Adaboost is an ensemble classifier that tries to iteratively adjust the weights of incorrectly classified examples and focuses on the more difficult cases. We used a decision tree classifier as a base estimator and tuned its hyperparameters using a 5-fold cross-validation. After training, we achieved an average accuracy of 50.50% from the different training sets. Generating the confusion matrix of the model trained on seasons 2011/12 to 2014/15, we were able to see how well the model was able to predict the different classes. The classifier predicts home wins with an accuracy of 82%, away wins with an accuracy of 47%, and draws with a low accuracy of 3%, labeling draws as home/away wins instead.
The MLP Classifier is a neural network classifier with hidden layers that map a set of inputs onto a set of appropriate outputs. After testing and tuning, the logistic sigmoid function was used as an activation function and the Broyden-Fletcher-Goldfarb-Shanno (BFGS) algorithm, an iterative quasi-Newton method for approximating the nonlinear weights, was used for weight optimization. The MLP Classifier was set to 2 hidden layers in order to avoid overfitting. After tuning, the model achieved an average accuracy of 49.60%.

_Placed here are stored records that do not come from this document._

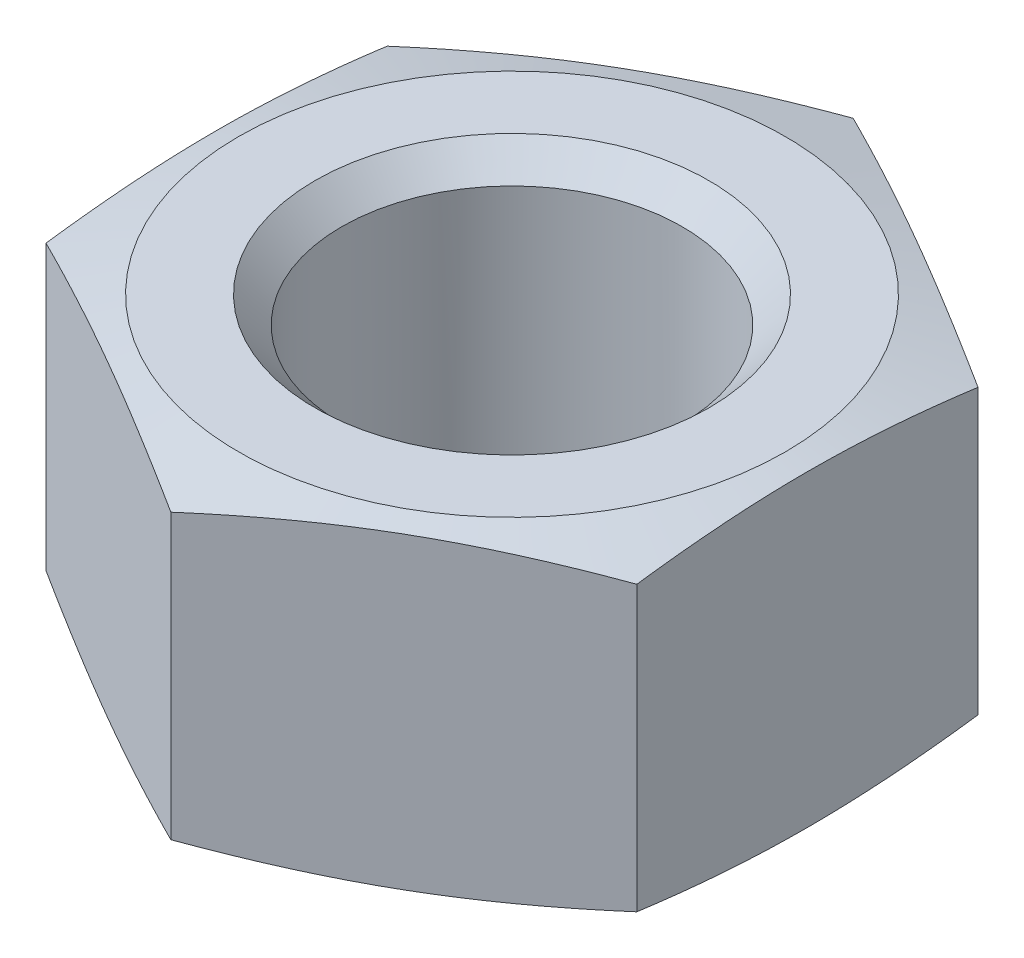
ISO-10303-21;
HEADER;
FILE_DESCRIPTION(('STEP AP214'),'2;1');
FILE_NAME('part.step','',(''),(''),'','','');
FILE_SCHEMA(('AUTOMOTIVE_DESIGN { 1 0 10303 214 1 1 1 1 }'));
ENDSEC;
DATA;
#1=APPLICATION_CONTEXT('core data for automotive mechanical design processes');
#2=APPLICATION_PROTOCOL_DEFINITION('international standard','automotive_design',2000,#1);
#3=PRODUCT_CONTEXT('',#1,'mechanical');
#4=PRODUCT('Part','Part','',(#3));
#5=PRODUCT_RELATED_PRODUCT_CATEGORY('part','',(#4));
#6=PRODUCT_DEFINITION_FORMATION('','',#4);
#7=PRODUCT_DEFINITION_CONTEXT('part definition',#1,'design');
#8=PRODUCT_DEFINITION('design','',#6,#7);
#9=PRODUCT_DEFINITION_SHAPE('','',#8);
#10=(LENGTH_UNIT() NAMED_UNIT(*) SI_UNIT(.MILLI.,.METRE.));
#11=(NAMED_UNIT(*) PLANE_ANGLE_UNIT() SI_UNIT($,.RADIAN.));
#12=(NAMED_UNIT(*) SI_UNIT($,.STERADIAN.) SOLID_ANGLE_UNIT());
#13=UNCERTAINTY_MEASURE_WITH_UNIT(LENGTH_MEASURE(1.E-05),#10,'distance_accuracy_value','');
#14=(GEOMETRIC_REPRESENTATION_CONTEXT(3) GLOBAL_UNCERTAINTY_ASSIGNED_CONTEXT((#13)) GLOBAL_UNIT_ASSIGNED_CONTEXT((#10,
#11,#12)) REPRESENTATION_CONTEXT('',''));
#15=CARTESIAN_POINT('',(0.,0.,0.));
#16=DIRECTION('',(0.,0.,1.));
#17=DIRECTION('',(1.,0.,0.));
#18=AXIS2_PLACEMENT_3D('',#15,#16,#17);
#19=CARTESIAN_POINT('',(12.,13.,-6.92820323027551));
#20=DIRECTION('',(-0.5,0.,0.866025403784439));
#21=DIRECTION('',(0.866025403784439,0.,0.5));
#22=AXIS2_PLACEMENT_3D('',#19,#20,#21);
#23=PLANE('',#22);
#24=CARTESIAN_POINT('',(11.9999999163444,12.261423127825,-6.9282032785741));
#25=CARTESIAN_POINT('',(11.5016700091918,12.3385442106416,-7.21591418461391));
#26=CARTESIAN_POINT('',(11.0024366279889,12.4085571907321,-7.50414671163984));
#27=CARTESIAN_POINT('',(10.0022069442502,12.5315631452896,-8.08162958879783));
#28=CARTESIAN_POINT('',(9.50121000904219,12.5845492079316,-8.37088030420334));
#29=CARTESIAN_POINT('',(8.50049047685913,12.670408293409,-8.94864599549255));
#30=CARTESIAN_POINT('',(8.00077464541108,12.7033836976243,-9.2371570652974));
#31=CARTESIAN_POINT('',(7.00070578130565,12.7476003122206,-9.81454709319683));
#32=CARTESIAN_POINT('',(6.50035289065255,12.758845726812,-10.1034259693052));
#33=CARTESIAN_POINT('',(5.49964710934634,12.758845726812,-10.681183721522));
#34=CARTESIAN_POINT('',(4.99929421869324,12.7476003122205,-10.9700625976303));
#35=CARTESIAN_POINT('',(3.99922535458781,12.7033836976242,-11.5474526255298));
#36=CARTESIAN_POINT('',(3.49950952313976,12.6704082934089,-11.8359636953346));
#37=CARTESIAN_POINT('',(2.49878999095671,12.5845492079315,-12.4137293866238));
#38=CARTESIAN_POINT('',(1.99779305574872,12.5315631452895,-12.7029801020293));
#39=CARTESIAN_POINT('',(0.997563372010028,12.4085571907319,-13.2804629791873));
#40=CARTESIAN_POINT('',(0.498329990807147,12.3385442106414,-13.5686955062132));
#41=CARTESIAN_POINT('',(8.36545068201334E-08,12.2614231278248,-13.8564064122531));
#42=B_SPLINE_CURVE_WITH_KNOTS('',3,(#24,#25,#26,#27,#28,#29,#30,#31,#32,#33,#34,#35,#36,#37,#38,
#39,#40,#41),.UNSPECIFIED.,.F.,.F.,(4,2,2,2,2,2,2,2,4),(0.,1.74179193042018,3.48429002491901,
5.21779603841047,6.95096662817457,8.68413721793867,10.4176432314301,12.160141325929,
13.9019332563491),.UNSPECIFIED.);
#43=CARTESIAN_POINT('',(12.,12.2614231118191,-6.92820325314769));
#44=VERTEX_POINT('',#43);
#45=CARTESIAN_POINT('',(4.18272539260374E-08,12.2614231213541,-13.856406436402));
#46=VERTEX_POINT('',#45);
#47=EDGE_CURVE('E256',#44,#46,#42,.T.);
#48=ORIENTED_EDGE('',*,*,#47,.F.);
#49=DIRECTION('',(0.,1.,0.));
#50=VECTOR('',#49,1.);
#51=CARTESIAN_POINT('',(12.,13.,-6.92820323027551));
#52=LINE('',#51,#50);
#53=CARTESIAN_POINT('',(11.9999999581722,0.738576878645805,-6.9282032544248));
#54=VERTEX_POINT('',#53);
#55=EDGE_CURVE('E96',#44,#54,#52,.F.);
#56=ORIENTED_EDGE('',*,*,#55,.T.);
#57=CARTESIAN_POINT('',(-5.67002062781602E-08,0.738576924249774,-13.8564064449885));
#58=CARTESIAN_POINT('',(0.498329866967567,0.661455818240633,-13.5686955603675));
#59=CARTESIAN_POINT('',(0.997563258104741,0.591442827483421,-13.280463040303));
#60=CARTESIAN_POINT('',(1.99779295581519,0.468436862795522,-12.7029801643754));
#61=CARTESIAN_POINT('',(2.49878989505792,0.415450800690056,-12.4137294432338));
#62=CARTESIAN_POINT('',(3.49950943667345,0.329591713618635,-11.8359637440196));
#63=CARTESIAN_POINT('',(3.99922527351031,0.296616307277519,-11.5474526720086));
#64=CARTESIAN_POINT('',(4.99929414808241,0.252399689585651,-10.9700626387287));
#65=CARTESIAN_POINT('',(5.49964704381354,0.241154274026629,-10.6811837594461));
#66=CARTESIAN_POINT('',(6.50035283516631,0.241154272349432,-10.1034260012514));
#67=CARTESIAN_POINT('',(7.00070573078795,0.25239968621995,-9.81454712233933));
#68=CARTESIAN_POINT('',(8.00077460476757,0.296616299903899,-9.23715708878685));
#69=CARTESIAN_POINT('',(8.50049044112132,0.329591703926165,-8.94864601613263));
#70=CARTESIAN_POINT('',(9.50120998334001,0.415450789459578,-8.37088031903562));
#71=CARTESIAN_POINT('',(10.0022069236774,0.468436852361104,-8.08162960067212));
#72=CARTESIAN_POINT('',(11.0024366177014,0.591442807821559,-7.50414671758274));
#73=CARTESIAN_POINT('',(11.5016700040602,0.661455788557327,-7.21591418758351));
#74=CARTESIAN_POINT('',(11.9999999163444,0.738576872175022,-6.92820327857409));
#75=B_SPLINE_CURVE_WITH_KNOTS('',3,(#57,#58,#59,#60,#61,#62,#63,#64,#65,#66,#67,#68,#69,#70,#71,
#72,#73,#74),.UNSPECIFIED.,.F.,.F.,(4,2,2,2,2,2,2,2,4),(0.,1.74179194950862,3.48429006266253,
5.21779609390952,6.95096670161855,8.68413730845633,10.4176433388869,12.1601414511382,
13.9019333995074),.UNSPECIFIED.);
#76=CARTESIAN_POINT('',(-4.18278041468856E-08,0.7385768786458,-13.8564064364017));
#77=VERTEX_POINT('',#76);
#78=EDGE_CURVE('E93',#77,#54,#75,.T.);
#79=ORIENTED_EDGE('',*,*,#78,.F.);
#80=DIRECTION('',(0.,1.,0.));
#81=VECTOR('',#80,1.);
#82=CARTESIAN_POINT('',(0.,13.,-13.856406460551));
#83=LINE('',#82,#81);
#84=EDGE_CURVE('E80',#77,#46,#83,.T.);
#85=ORIENTED_EDGE('',*,*,#84,.T.);
#86=EDGE_LOOP('',(#48,#56,#79,#85));
#87=FACE_BOUND('',#86,.T.);
#88=ADVANCED_FACE('F16',(#87),#23,.F.);
#89=CARTESIAN_POINT('',(0.,13.,-13.856406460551));
#90=DIRECTION('',(0.5,0.,0.866025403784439));
#91=DIRECTION('',(0.866025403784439,0.,-0.5));
#92=AXIS2_PLACEMENT_3D('',#89,#90,#91);
#93=PLANE('',#92);
#94=CARTESIAN_POINT('',(3.96146779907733E-08,12.261423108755,-13.8564064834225));
#95=CARTESIAN_POINT('',(-0.498329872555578,12.3385441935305,-13.5686955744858));
#96=CARTESIAN_POINT('',(-0.997563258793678,12.4085571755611,-13.2804630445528));
#97=CARTESIAN_POINT('',(-1.9977929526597,12.5315631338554,-12.7029801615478));
#98=CARTESIAN_POINT('',(-2.49878989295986,12.5845491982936,-12.4137294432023));
#99=CARTESIAN_POINT('',(-3.49950943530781,12.6704082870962,-11.8359637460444));
#100=CARTESIAN_POINT('',(-3.99922527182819,12.7033836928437,-11.547452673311));
#101=CARTESIAN_POINT('',(-4.99929414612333,12.7476003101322,-10.9700626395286));
#102=CARTESIAN_POINT('',(-5.4996470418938,12.7588457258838,-10.6811837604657));
#103=CARTESIAN_POINT('',(-6.50035283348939,12.7588457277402,-10.1034260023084));
#104=CARTESIAN_POINT('',(-7.00070572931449,12.7476003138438,-9.81454712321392));
#105=CARTESIAN_POINT('',(-8.00077460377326,12.7033837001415,-9.23715708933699));
#106=CARTESIAN_POINT('',(-8.50049044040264,12.6704082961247,-8.9486460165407));
#107=CARTESIAN_POINT('',(-9.5012099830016,12.5845492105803,-8.37088031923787));
#108=CARTESIAN_POINT('',(-10.002206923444,12.5315631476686,-8.0816296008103));
#109=CARTESIAN_POINT('',(-11.0024366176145,12.4085571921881,-7.50414671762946));
#110=CARTESIAN_POINT('',(-11.5016700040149,12.3385442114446,-7.21591418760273));
#111=CARTESIAN_POINT('',(-11.9999999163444,12.261423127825,-6.92820327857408));
#112=B_SPLINE_CURVE_WITH_KNOTS('',3,(#94,#95,#96,#97,#98,#99,#100,#101,#102,#103,#104,#105,#106,
#107,#108,#109,#110,#111),.UNSPECIFIED.,.F.,.F.,(4,2,2,2,2,2,2,2,4),(0.,1.7417919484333,
3.48429006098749,5.217796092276,6.95096669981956,8.6841373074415,10.4176433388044,
12.1601414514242,13.9019333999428),.UNSPECIFIED.);
#113=CARTESIAN_POINT('',(-11.9999999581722,12.2614231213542,-6.9282032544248));
#114=VERTEX_POINT('',#113);
#115=EDGE_CURVE('E83',#46,#114,#112,.T.);
#116=ORIENTED_EDGE('',*,*,#115,.F.);
#117=ORIENTED_EDGE('',*,*,#84,.F.);
#118=CARTESIAN_POINT('',(-11.9999999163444,0.738576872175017,-6.92820327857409));
#119=CARTESIAN_POINT('',(-11.5016700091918,0.661455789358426,-7.21591418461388));
#120=CARTESIAN_POINT('',(-11.002436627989,0.59144280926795,-7.50414671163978));
#121=CARTESIAN_POINT('',(-10.0022069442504,0.468436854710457,-8.08162958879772));
#122=CARTESIAN_POINT('',(-9.5012100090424,0.415450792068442,-8.3708803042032));
#123=CARTESIAN_POINT('',(-8.50049047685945,0.329591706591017,-8.94864599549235));
#124=CARTESIAN_POINT('',(-8.00077464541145,0.296616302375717,-9.23715706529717));
#125=CARTESIAN_POINT('',(-7.00070578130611,0.252399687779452,-9.81454709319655));
#126=CARTESIAN_POINT('',(-6.50035289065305,0.241154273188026,-10.1034259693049));
#127=CARTESIAN_POINT('',(-5.49964710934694,0.241154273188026,-10.6811837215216));
#128=CARTESIAN_POINT('',(-4.99929421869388,0.252399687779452,-10.9700625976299));
#129=CARTESIAN_POINT('',(-3.99922535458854,0.296616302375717,-11.5474526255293));
#130=CARTESIAN_POINT('',(-3.49950952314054,0.329591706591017,-11.8359636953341));
#131=CARTESIAN_POINT('',(-2.49878999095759,0.415450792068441,-12.4137293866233));
#132=CARTESIAN_POINT('',(-1.99779305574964,0.468436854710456,-12.7029801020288));
#133=CARTESIAN_POINT('',(-0.997563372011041,0.591442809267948,-13.2804629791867));
#134=CARTESIAN_POINT('',(-0.498329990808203,0.661455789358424,-13.5686955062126));
#135=CARTESIAN_POINT('',(-8.36556066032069E-08,0.738576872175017,-13.8564064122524));
#136=B_SPLINE_CURVE_WITH_KNOTS('',3,(#118,#119,#120,#121,#122,#123,#124,#125,#126,#127,#128,
#129,#130,#131,#132,#133,#134,#135),.UNSPECIFIED.,.F.,.F.,(4,2,2,2,2,2,2,2,4),(0.,
1.74179193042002,3.48429002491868,5.21779603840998,6.95096662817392,8.68413721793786,
10.4176432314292,12.1601413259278,13.9019332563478),.UNSPECIFIED.);
#137=CARTESIAN_POINT('',(-12.,0.738576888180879,-6.92820325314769));
#138=VERTEX_POINT('',#137);
#139=EDGE_CURVE('E20',#138,#77,#136,.T.);
#140=ORIENTED_EDGE('',*,*,#139,.F.);
#141=DIRECTION('',(0.,1.,0.));
#142=VECTOR('',#141,1.);
#143=CARTESIAN_POINT('',(-12.,13.,-6.92820323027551));
#144=LINE('',#143,#142);
#145=EDGE_CURVE('E73',#138,#114,#144,.T.);
#146=ORIENTED_EDGE('',*,*,#145,.T.);
#147=EDGE_LOOP('',(#116,#117,#140,#146));
#148=FACE_BOUND('',#147,.T.);
#149=ADVANCED_FACE('F82',(#148),#93,.F.);
#150=CARTESIAN_POINT('',(-12.,13.,-6.92820323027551));
#151=DIRECTION('',(1.,0.,0.));
#152=DIRECTION('',(0.,0.,-1.));
#153=AXIS2_PLACEMENT_3D('',#150,#151,#152);
#154=PLANE('',#153);
#155=CARTESIAN_POINT('',(-12.,12.2614231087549,-6.92820327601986));
#156=CARTESIAN_POINT('',(-12.,12.3385441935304,-6.35278145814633));
#157=CARTESIAN_POINT('',(-12.,12.408557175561,-5.77631639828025));
#158=CARTESIAN_POINT('',(-12.,12.5315631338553,-4.62135063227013));
#159=CARTESIAN_POINT('',(-12.,12.5845491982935,-4.04284919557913));
#160=CARTESIAN_POINT('',(-12.,12.6704082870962,-2.88731780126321));
#161=CARTESIAN_POINT('',(-12.,12.7033836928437,-2.31029565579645));
#162=CARTESIAN_POINT('',(-12.,12.7476003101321,-1.15551558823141));
#163=CARTESIAN_POINT('',(-12.,12.7588457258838,-0.577757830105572));
#164=CARTESIAN_POINT('',(-12.,12.7588457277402,0.577757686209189));
#165=CARTESIAN_POINT('',(-12.,12.7476003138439,1.15551544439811));
#166=CARTESIAN_POINT('',(-12.,12.7033837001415,2.31029551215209));
#167=CARTESIAN_POINT('',(-12.,12.6704082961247,2.88731765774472));
#168=CARTESIAN_POINT('',(-12.,12.5845492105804,4.04284905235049));
#169=CARTESIAN_POINT('',(-12.,12.5315631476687,4.62135048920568));
#170=CARTESIAN_POINT('',(-12.,12.4085571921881,5.77631625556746));
#171=CARTESIAN_POINT('',(-12.,12.3385442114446,6.35278131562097));
#172=CARTESIAN_POINT('',(-12.,12.261423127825,6.92820313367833));
#173=B_SPLINE_CURVE_WITH_KNOTS('',3,(#155,#156,#157,#158,#159,#160,#161,#162,#163,#164,#165,
#166,#167,#168,#169,#170,#171,#172),.UNSPECIFIED.,.F.,.F.,(4,2,2,2,2,2,2,2,4),(0.,
1.74179194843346,3.4842900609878,5.21779609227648,6.95096669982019,8.68413730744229,
10.4176433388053,12.1601414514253,13.9019333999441),.UNSPECIFIED.);
#174=CARTESIAN_POINT('',(-12.,12.2614231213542,6.92820318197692));
#175=VERTEX_POINT('',#174);
#176=EDGE_CURVE('E170',#114,#175,#173,.T.);
#177=ORIENTED_EDGE('',*,*,#176,.F.);
#178=ORIENTED_EDGE('',*,*,#145,.F.);
#179=CARTESIAN_POINT('',(-11.9999999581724,0.738576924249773,6.92820327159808));
#180=CARTESIAN_POINT('',(-11.9999999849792,0.661455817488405,6.35278145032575));
#181=CARTESIAN_POINT('',(-11.9999999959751,0.591442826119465,5.77631638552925));
#182=CARTESIAN_POINT('',(-12.0000000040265,0.468436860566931,4.62135060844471));
#183=CARTESIAN_POINT('',(-12.0000000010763,0.415450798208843,4.04284916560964));
#184=CARTESIAN_POINT('',(-11.9999999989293,0.329591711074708,2.8873177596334));
#185=CARTESIAN_POINT('',(-11.9999999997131,0.29661630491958,2.31029560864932));
#186=CARTESIAN_POINT('',(-12.0000000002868,0.252399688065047,1.15551552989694));
#187=CARTESIAN_POINT('',(-12.0000000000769,0.241154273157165,0.577757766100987));
#188=CARTESIAN_POINT('',(-11.9999999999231,0.241154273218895,-0.577757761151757));
#189=CARTESIAN_POINT('',(-11.9999999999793,0.252399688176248,-1.15551552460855));
#190=CARTESIAN_POINT('',(-12.0000000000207,0.296616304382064,-2.31029560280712));
#191=CARTESIAN_POINT('',(-12.0000000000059,0.329591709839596,-2.88731775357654));
#192=CARTESIAN_POINT('',(-11.999999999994,0.415450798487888,-4.04284915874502));
#193=CARTESIAN_POINT('',(-11.999999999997,0.468436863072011,-4.62135060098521));
#194=CARTESIAN_POINT('',(-12.000000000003,0.59144282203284,-5.7763163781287));
#195=CARTESIAN_POINT('',(-12.000000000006,0.661455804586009,-6.35278144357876));
#196=CARTESIAN_POINT('',(-12.,0.738576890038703,-6.92820326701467));
#197=B_SPLINE_CURVE_WITH_KNOTS('',3,(#179,#180,#181,#182,#183,#184,#185,#186,#187,#188,#189,
#190,#191,#192,#193,#194,#195,#196),.UNSPECIFIED.,.F.,.F.,(4,2,2,2,2,2,2,2,4),(0.,
1.74179196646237,3.48429009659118,5.21779614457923,6.95096676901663,8.68413739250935,
10.4176434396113,12.160141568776,13.9019335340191),.UNSPECIFIED.);
#198=CARTESIAN_POINT('',(-11.9999999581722,0.738576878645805,6.92820325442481));
#199=VERTEX_POINT('',#198);
#200=EDGE_CURVE('E95',#199,#138,#197,.T.);
#201=ORIENTED_EDGE('',*,*,#200,.F.);
#202=DIRECTION('',(0.,1.,0.));
#203=VECTOR('',#202,1.);
#204=CARTESIAN_POINT('',(-12.,13.,6.92820323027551));
#205=LINE('',#204,#203);
#206=EDGE_CURVE('E237',#199,#175,#205,.T.);
#207=ORIENTED_EDGE('',*,*,#206,.T.);
#208=EDGE_LOOP('',(#177,#178,#201,#207));
#209=FACE_BOUND('',#208,.T.);
#210=ADVANCED_FACE('F180',(#209),#154,.F.);
#211=CARTESIAN_POINT('',(-12.,13.,6.92820323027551));
#212=DIRECTION('',(0.5,0.,-0.866025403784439));
#213=DIRECTION('',(-0.866025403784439,0.,-0.5));
#214=AXIS2_PLACEMENT_3D('',#211,#212,#213);
#215=PLANE('',#214);
#216=CARTESIAN_POINT('',(-12.0000000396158,12.2614231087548,6.92820320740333));
#217=CARTESIAN_POINT('',(-11.5016701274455,12.3385441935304,7.21591411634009));
#218=CARTESIAN_POINT('',(-11.0024367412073,12.408557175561,7.50414664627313));
#219=CARTESIAN_POINT('',(-10.0022070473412,12.5315631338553,8.08162952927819));
#220=CARTESIAN_POINT('',(-9.50121010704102,12.5845491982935,8.37088024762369));
#221=CARTESIAN_POINT('',(-8.50049056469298,12.6704082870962,8.94864594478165));
#222=CARTESIAN_POINT('',(-8.00077472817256,12.7033836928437,9.23715701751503));
#223=CARTESIAN_POINT('',(-7.00070585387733,12.7476003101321,9.81454705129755));
#224=CARTESIAN_POINT('',(-6.50035295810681,12.7588457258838,10.1034259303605));
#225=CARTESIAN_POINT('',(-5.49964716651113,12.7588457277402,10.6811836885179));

XGBoost is the most common solution for gradient boosting, which is used in many cases very successfully. After tuning the model using 5-fold cross-validation, the model achieved an average accuracy of 51.01% across the different training sets.
LightGBM is a gradient boosting framework made by Microsoft. It is newer than XGBoost and has a different approach to growing trees. After tuning the model using 5-fold cross-validation, the model achieved an average accuracy of 51.08%.
We compiled the accuracy that every model achieved across the different datasets into a table. We also made a graph that compiles the results of the different models into a form that is more digestible. The LightGBM and random forest models gave the highest accuracy of around 52% for their best results. For the random forest classifier, we reached its maximum accuracy with four training seasons. For the LightGBM model we only needed one season. Based on average performance, the SVM classifier outperformed every other model. Also based on average performance, the k-nearest neighbors classifier performed the worst.
| Training 2014-15 | Training 2013-15 | Training 2012-15 | Training 2011-15 | Training 2010-15 | Training 2009-15 | Training 2008-15 | |
|---|---|---|---|---|---|---|---|
| Naive Bayes | 50.23% | 50.59% | 50.50% | 50.63% | 50.86% | 51.00%* | 50.91% |
| SVM | 50.59% | 51.31% | 51.50% | 51.72% | 51.67% | 51.77% | 51.81%* |
| XGBoost | 51.13% | 51.13% | 51.13% | 51.59%* | 51.36% | 50.54% | 50.18% |
| LightGBM | 52.03%* | 50.86% | 50.27% | 51.41% | 51.04% | 50.73% | 51.22% |
| AdaBoost | 49.77% | 50.23% | 51.13% | 51.41%* | 51.00% | 50.09% | 49.86% |
| MLP Classifier | 47.46% | 48.32% | 49.95% | 50.27% | 50.82%* | 50.50% | 49.91% |
| K Nearest Neighbors | 44.15% | 44.74% | 44.15% | 44.65% | 44.47%* | 44.42% | 44.38% |
| Ridge Classifier | 50.00% | 49.37% | 49.95% | 50.05% | 50.05%* | 49.46% | 49.77% |
| Random Forest | 50.86% | 51.77% | 51.41% | 52.04%* | 51.54% | 51.22% | 51.18% |
*denotes highest accuracy for each model
We achieved our best results with the LightGBM and random forest models. From the absolute confusion matrices below we can see that it’s difficult for both models to predict draws. Furthermore, the random forest classifier predicts a higher rate of home wins than the LightGBM model.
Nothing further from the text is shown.